Record excerpts START

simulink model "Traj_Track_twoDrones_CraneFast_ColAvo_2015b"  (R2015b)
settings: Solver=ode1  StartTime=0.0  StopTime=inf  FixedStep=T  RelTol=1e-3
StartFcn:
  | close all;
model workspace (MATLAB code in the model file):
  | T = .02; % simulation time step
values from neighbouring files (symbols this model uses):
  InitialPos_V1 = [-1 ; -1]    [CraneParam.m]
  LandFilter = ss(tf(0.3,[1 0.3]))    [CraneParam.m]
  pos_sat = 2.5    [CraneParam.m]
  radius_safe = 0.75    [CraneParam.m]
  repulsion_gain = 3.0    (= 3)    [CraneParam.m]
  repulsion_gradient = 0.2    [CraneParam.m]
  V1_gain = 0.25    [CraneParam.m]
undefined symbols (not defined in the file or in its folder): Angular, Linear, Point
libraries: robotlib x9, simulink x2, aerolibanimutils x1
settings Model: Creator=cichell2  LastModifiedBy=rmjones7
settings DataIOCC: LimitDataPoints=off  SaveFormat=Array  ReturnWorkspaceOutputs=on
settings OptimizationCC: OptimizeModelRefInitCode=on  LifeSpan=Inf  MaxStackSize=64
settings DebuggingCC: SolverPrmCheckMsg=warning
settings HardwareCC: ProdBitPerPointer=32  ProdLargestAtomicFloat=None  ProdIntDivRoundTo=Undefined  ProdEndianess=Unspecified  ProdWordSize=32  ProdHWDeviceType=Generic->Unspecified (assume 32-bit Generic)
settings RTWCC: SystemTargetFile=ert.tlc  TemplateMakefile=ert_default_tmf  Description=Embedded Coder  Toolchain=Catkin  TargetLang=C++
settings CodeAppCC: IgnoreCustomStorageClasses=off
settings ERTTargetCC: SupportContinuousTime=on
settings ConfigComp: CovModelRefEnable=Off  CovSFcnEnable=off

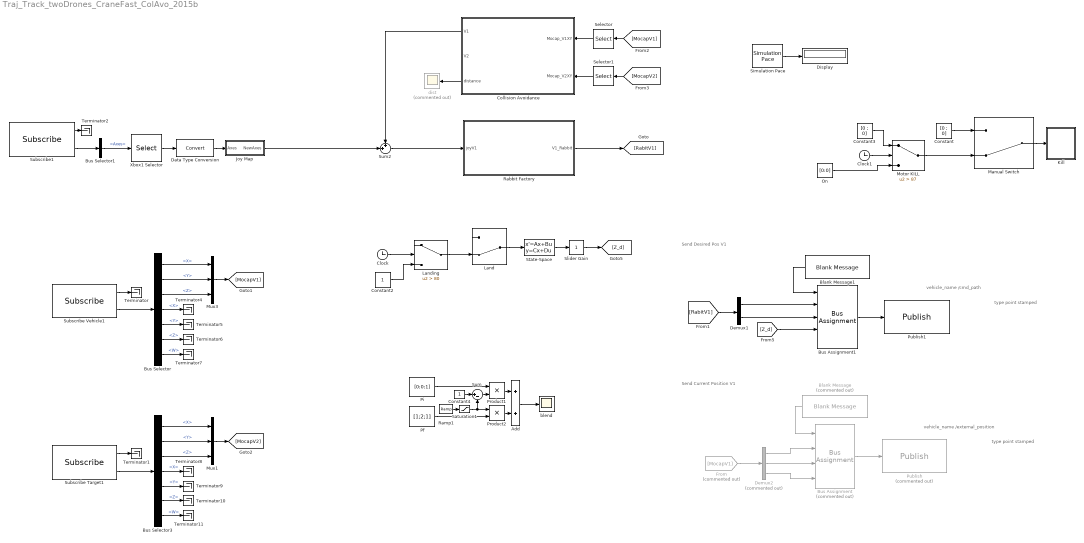
== system Traj_Track_twoDrones_CraneFast_ColAvo_2015b ==
  note: Send Desired Pos V1
  note: Send Current Position V1
  note: type point stamped
  note: vehicle_name /external_position
  note: type point stamped
  note: vehicle_name /cmd_path
  Add : Sum
  Blank Message : robotlib/Blank Message  Commented=on  SourceLibraryInfo=This block requires Robotics System Toolbox  messageType=geometry_msgs/PointStamped  SampleTime=inf
  Blank Message1 : robotlib/Blank Message  SourceLibraryInfo=This block requires Robotics System Toolbox  messageType=geometry_msgs/Twist  SampleTime=inf
  Bus Assignment : BusAssignment  Commented=on  AssignedSignals=Point.X,Point.Y,Point.Z
  Bus Assignment1 : BusAssignment  AssignedSignals=Linear.X,Linear.Y,Linear.Z,Angular.Z
  Bus Selector : BusSelector  OutputSignals=Transform.Translation.X,Transform.Translation.Y,Transform.Translation.Z,Transform.Rotation.X,Transform.Rotation.Y,Transform.Rotation.Z,Transform.Rotation.W
  Bus Selector1 : BusSelector  OutputSignals=Axes
  Bus Selector3 : BusSelector  OutputSignals=Transform.Translation.X,Transform.Translation.Y,Transform.Translation.Z,Transform.Rotation.X,Transform.Rotation.Y,Transform.Rotation.Z,Transform.Rotation.W
  Clock : Clock
  Clock1 : Clock
  Collision Avoidance : Subsystem
  Constant : Constant  Value=[0 ; 0]
  Constant2 : Constant
  Constant3 : Constant  Value=[0 ; 0]
  Constant4 : Constant
  Data Type Conversion : DataTypeConversion
  Demux1 : Demux  Outputs=2
  Demux2 : Demux  Commented=on  Outputs=3
  Display : Display
  From : From  Commented=on  GotoTag=MocapV1
  Joy Map : Subsystem
  Kill : Subsystem
  Land : ManualSwitch  CurrentSetting=0
  Landing : Switch  Criteria=u2 > Threshold  Threshold=80
  Manual Switch : ManualSwitch  CurrentSetting=0
  Motor KILL : Switch  Criteria=u2 > Threshold  Threshold=87
  Mux1 : Mux  Inputs=3
  Mux3 : Mux  Inputs=3
  On : Constant  Value=[0:0]
  Pf : Constant  Value=[1;2;1]  VectorParams1D=off
  Pi : Constant  Value=[0;0;1]  VectorParams1D=off
  Product1 : Product
  Product2 : Product
  Publish : robotlib/Publish  Commented=on  SourceLibraryInfo=This block requires Robotics System Toolbox  topicSource=Select from ROS network  topic=/crazyflie1/cmd_vel  messageType=geometry_msgs/Twist  messageQueueLength=1
  Publish1 : robotlib/Publish  SourceLibraryInfo=This block requires Robotics System Toolbox  topicSource=Select from ROS network  topic=/crazyflie1/cmd_vel  messageType=geometry_msgs/Twist  messageQueueLength=1
  Rabbit Factory : Subsystem
  Ramp1 : simulink/Sources/Ramp  slope=0.2  start=0  X0=0
  Saturation1 : Saturate  UpperLimit=1  LowerLimit=0
  Selector : Selector  InputPortWidth=3  IndexOptions=Index vector (dialog)  Indices=[1 2]  OutputSizes=1
  Selector1 : Selector  InputPortWidth=3  IndexOptions=Index vector (dialog)  Indices=[1 2]  OutputSizes=1
  Simulation Pace : aerolibanimutils/Simulation Pace  SimulationPace=1  SleepMode=MATLAB Thread  OutputPaceError=on  SampleTime=T
  Slider Gain : simulink/Math Operations/Slider Gain  low=0  gain=1  high=2
  State-Space : StateSpace  A=LandFilter.a  B=LandFilter.b  C=LandFilter.c  D=LandFilter.d  X0=-1
  Subscribe Target1 : robotlib/Subscribe  SourceLibraryInfo=This block requires Robotics System Toolbox  topicSource=Select from ROS network  topic=/vicon/Trump/Trump  messageType=geometry_msgs/TransformStamped  sampleTime=-1  messageQueueLength=1
  Subscribe Vehicle1 : robotlib/Subscribe  SourceLibraryInfo=This block requires Robotics System Toolbox  topicSource=Select from ROS network  topic=/vicon/Trump/Trump  messageType=geometry_msgs/TransformStamped  sampleTime=-1  messageQueueLength=1
  Subscribe1 : robotlib/Subscribe  SourceLibraryInfo=This block requires Robotics System Toolbox  topicSource=Select from ROS network  topic=/xbox1/joy  messageType=sensor_msgs/Joy  sampleTime=-1  messageQueueLength=1
  Sum : Sum  Inputs=|+-
  Sum2 : Sum  Inputs=++|
  Terminator{,1..2,4..11} (11 alike) : Terminator
  Xbox1 Selector : Selector  InputPortWidth=128  IndexOptions=Index vector (dialog)  Indices=[4 5]  OutputSizes=1
  blend : Scope
  dist : Scope  Commented=on
  wires:
  Simulation Pace/1 -> Display/1
  On/1 -> Motor KILL/3
  Subscribe1/2 -> Bus Selector1/1
  Xbox1 Selector/1 -> Data Type Conversion/1
  Subscribe1/1 -> Terminator2/1
  Bus Selector1/1 -> Xbox1 Selector/1  "<Axes>"
  Data Type Conversion/1 -> Joy Map/1(Axes)
  [MocapV1] -> Selector/1
  [MocapV2] -> Selector1/1
  State-Space/1 -> Slider Gain/1
  Clock/1 -> Landing/2
  Constant2/1 -> Landing/3
  Clock1/1 -> Motor KILL/2
  Constant3/1 -> Motor KILL/1
  Constant/1 -> Manual Switch/1
  Motor KILL/1 -> Manual Switch/2
  Landing/1 -> Land/2
  Land/1 -> State-Space/1
  Bus Assignment/1 -> Publish/1
  Subscribe Vehicle1/2 -> Bus Selector/1
  Subscribe Vehicle1/1 -> Terminator/1
  Bus Selector/4 -> Terminator4/1  "<X>"
  Bus Selector/1 -> Mux3/1  "<X>"
  Bus Selector/3 -> Mux3/3  "<Z>"
  Bus Selector/6 -> Terminator6/1  "<Z>"
  Bus Selector/7 -> Terminator7/1  "<W>"
  Bus Selector/5 -> Terminator5/1  "<Y>"
  Bus Selector/2 -> Mux3/2  "<Y>"
  Subscribe Target1/2 -> Bus Selector3/1
  Subscribe Target1/1 -> Terminator1/1
  Bus Selector3/4 -> Terminator8/1  "<X>"
  Bus Selector3/6 -> Terminator10/1  "<Z>"
  Bus Selector3/7 -> Terminator11/1  "<W>"
  Bus Selector3/5 -> Terminator9/1  "<Y>"
  Sum2/1 -> Rabbit Factory/1(joyV1)
  Joy Map/1(NewAxes) -> Sum2/2
  Collision Avoidance/1(V1) -> Sum2/1
  Collision Avoidance/3(distance) -> dist/1
  Slider Gain/1 -> [Z_d]
  Manual Switch/1 -> Kill/Trigger
  Rabbit Factory/1(V1_Rabbit) -> [RabitV1]
  Bus Assignment1/1 -> Publish1/1
  Blank Message1/1 -> Bus Assignment1/1
  [Z_d] -> Bus Assignment1/4
  [RabitV1] -> Demux1/1
  Demux1/1 -> Bus Assignment1/2
  Demux1/2 -> Bus Assignment1/3
  Blank Message/1 -> Bus Assignment/1
  Mux3/1 -> [MocapV1]
  Selector/1 -> Collision Avoidance/1(Mocap_V1XY)
  Selector1/1 -> Collision Avoidance/2(Mocap_V2XY)
  Bus Selector3/1 -> Mux1/1  "<X>"
  Bus Selector3/3 -> Mux1/3  "<Z>"
  Bus Selector3/2 -> Mux1/2  "<Y>"
  Mux1/1 -> [MocapV2]
  Demux2/2 -> Bus Assignment/3
  Demux2/1 -> Bus Assignment/2
  Demux2/3 -> Bus Assignment/4
  From/1 -> Demux2/1
  Ramp1/1 -> Saturation1/1
  Product1/1 -> Add/1
  Product2/1 -> Add/2
  Pi/1 -> Product1/1
  Pf/1 -> Product2/2
  Constant4/1 -> Sum/1
  Sum/1 -> Product1/2
  Saturation1/1 -> Product2/1, Sum/2
  Add/1 -> blend/1

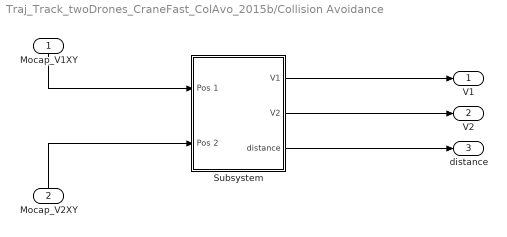
== system Traj_Track_twoDrones_CraneFast_ColAvo_2015b/Collision Avoidance ==
  Mocap_V1XY : Inport
  Mocap_V2XY : Inport  Port=2
  Subsystem : Subsystem
  V1 : Outport
  V2 : Outport  Port=2
  distance : Outport  Port=3
  wires:
  Subsystem/1(V1) -> V1/1
  Mocap_V2XY/1 -> Subsystem/2(Pos 2)
  Mocap_V1XY/1 -> Subsystem/1(Pos 1)
  Subsystem/2(V2) -> V2/1
  Subsystem/3(distance) -> distance/1

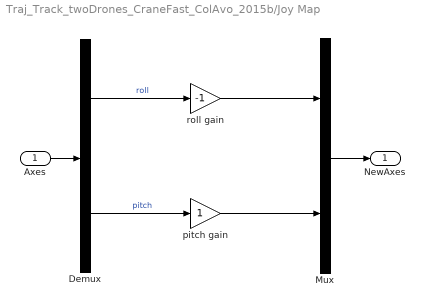
== system Traj_Track_twoDrones_CraneFast_ColAvo_2015b/Joy Map ==
  Axes : Inport
  Demux : Demux  Outputs=2
  Mux : Mux  Inputs=2
  pitch gain : Gain
  roll gain : Gain  Gain=-1
  NewAxes : Outport
  wires:
  Axes/1 -> Demux/1
  Mux/1 -> NewAxes/1
  Demux/2 -> pitch gain/1  "pitch"
  Demux/1 -> roll gain/1  "roll"
  roll gain/1 -> Mux/1
  pitch gain/1 -> Mux/2

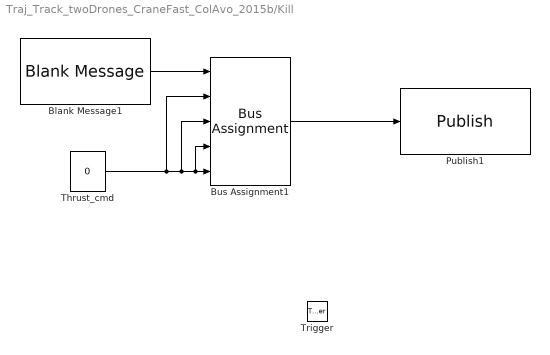
== system Traj_Track_twoDrones_CraneFast_ColAvo_2015b/Kill ==
  Trigger : TriggerPort  PortDimensions=1
  Blank Message1 : robotlib/Blank Message  SourceLibraryInfo=This block requires Robotics System Toolbox  messageType=geometry_msgs/Twist  SampleTime=inf
  Bus Assignment1 : BusAssignment  AssignedSignals=Linear.X,Linear.Y,Linear.Z,Angular.Z
  Publish1 : robotlib/Publish  SourceLibraryInfo=This block requires Robotics System Toolbox  topicSource=Select from ROS network  topic=/crazyflie1/cmd_vel  messageType=geometry_msgs/Twist  messageQueueLength=1
  Thrust_cmd : Constant  Value=0
  wires:
  Thrust_cmd/1 -> Bus Assignment1/2, Bus Assignment1/3, Bus Assignment1/4, Bus Assignment1/5
  Blank Message1/1 -> Bus Assignment1/1
  Bus Assignment1/1 -> Publish1/1

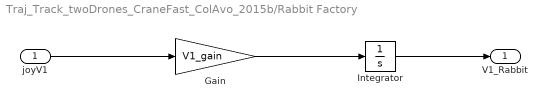
== system Traj_Track_twoDrones_CraneFast_ColAvo_2015b/Rabbit Factory ==
  joyV1 : Inport
  Gain : Gain  Gain=V1_gain
  Integrator : Integrator  InitialCondition=InitialPos_V1  LimitOutput=on  UpperSaturationLimit=pos_sat  LowerSaturationLimit=-pos_sat
  V1_Rabbit : Outport
  wires:
  Integrator/1 -> V1_Rabbit/1
  Gain/1 -> Integrator/1
  joyV1/1 -> Gain/1

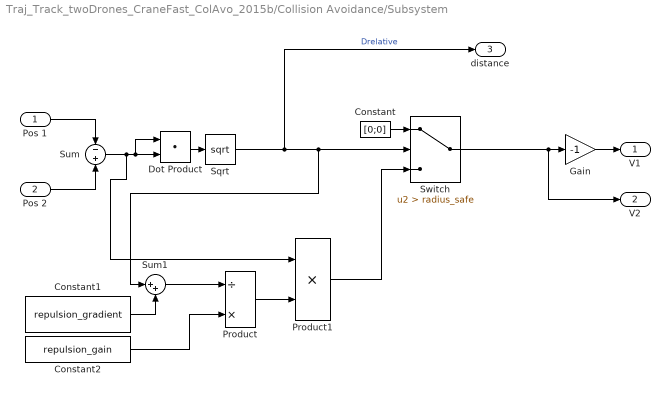
== system Traj_Track_twoDrones_CraneFast_ColAvo_2015b/Collision Avoidance/Subsystem ==
  Pos 1 : Inport
  Pos 2 : Inport  Port=2
  Constant : Constant  Value=[0;0]
  Constant1 : Constant  Value=repulsion_gradient
  Constant2 : Constant  Value=repulsion_gain
  Dot Product : DotProduct  InputSameDT=on  OutDataTypeStr=Inherit: Inherit via internal rule
  Gain : Gain  Gain=-1
  Product : Product  Inputs=/*
  Product1 : Product
  Sqrt : Sqrt  SaturateOnIntegerOverflow=on
  Sum : Sum  Inputs=-+
  Sum1 : Sum  Inputs=|++
  Switch : Switch  Criteria=u2 > Threshold  Threshold=radius_safe
  V1 : Outport
  V2 : Outport  Port=2
  distance : Outport  Port=3
  wires:
  Pos 1/1 -> Sum/1
  Pos 2/1 -> Sum/2
  Dot Product/1 -> Sqrt/1
  Gain/1 -> V1/1
  Sqrt/1 -> Sum1/1, Switch/2, distance/1  "Drelative"
  Constant/1 -> Switch/1
  Switch/1 -> V2/1, Gain/1
  Sum/1 -> Product1/1, Dot Product/1, Dot Product/2
  Sum1/1 -> Product/1
  Constant1/1 -> Sum1/2
  Product/1 -> Product1/2
  Product1/1 -> Switch/3
  Constant2/1 -> Product/2

Record excerpts END

Work request: All lines from the opening of the material through the line that contains "LandFilter = ss(tf(0.3,[1" are to be printed exactly, with no others.

Completed task:
simulink model "Traj_Track_twoDrones_CraneFast_ColAvo_2015b"  (R2015b)
settings: Solver=ode1  StartTime=0.0  StopTime=inf  FixedStep=T  RelTol=1e-3
StartFcn:
  | close all;
model workspace (MATLAB code in the model file):
  | T = .02; % simulation time step
values from neighbouring files (symbols this model uses):
  InitialPos_V1 = [-1 ; -1]    [CraneParam.m]
  LandFilter = ss(tf(0.3,[1 0.3]))    [CraneParam.m]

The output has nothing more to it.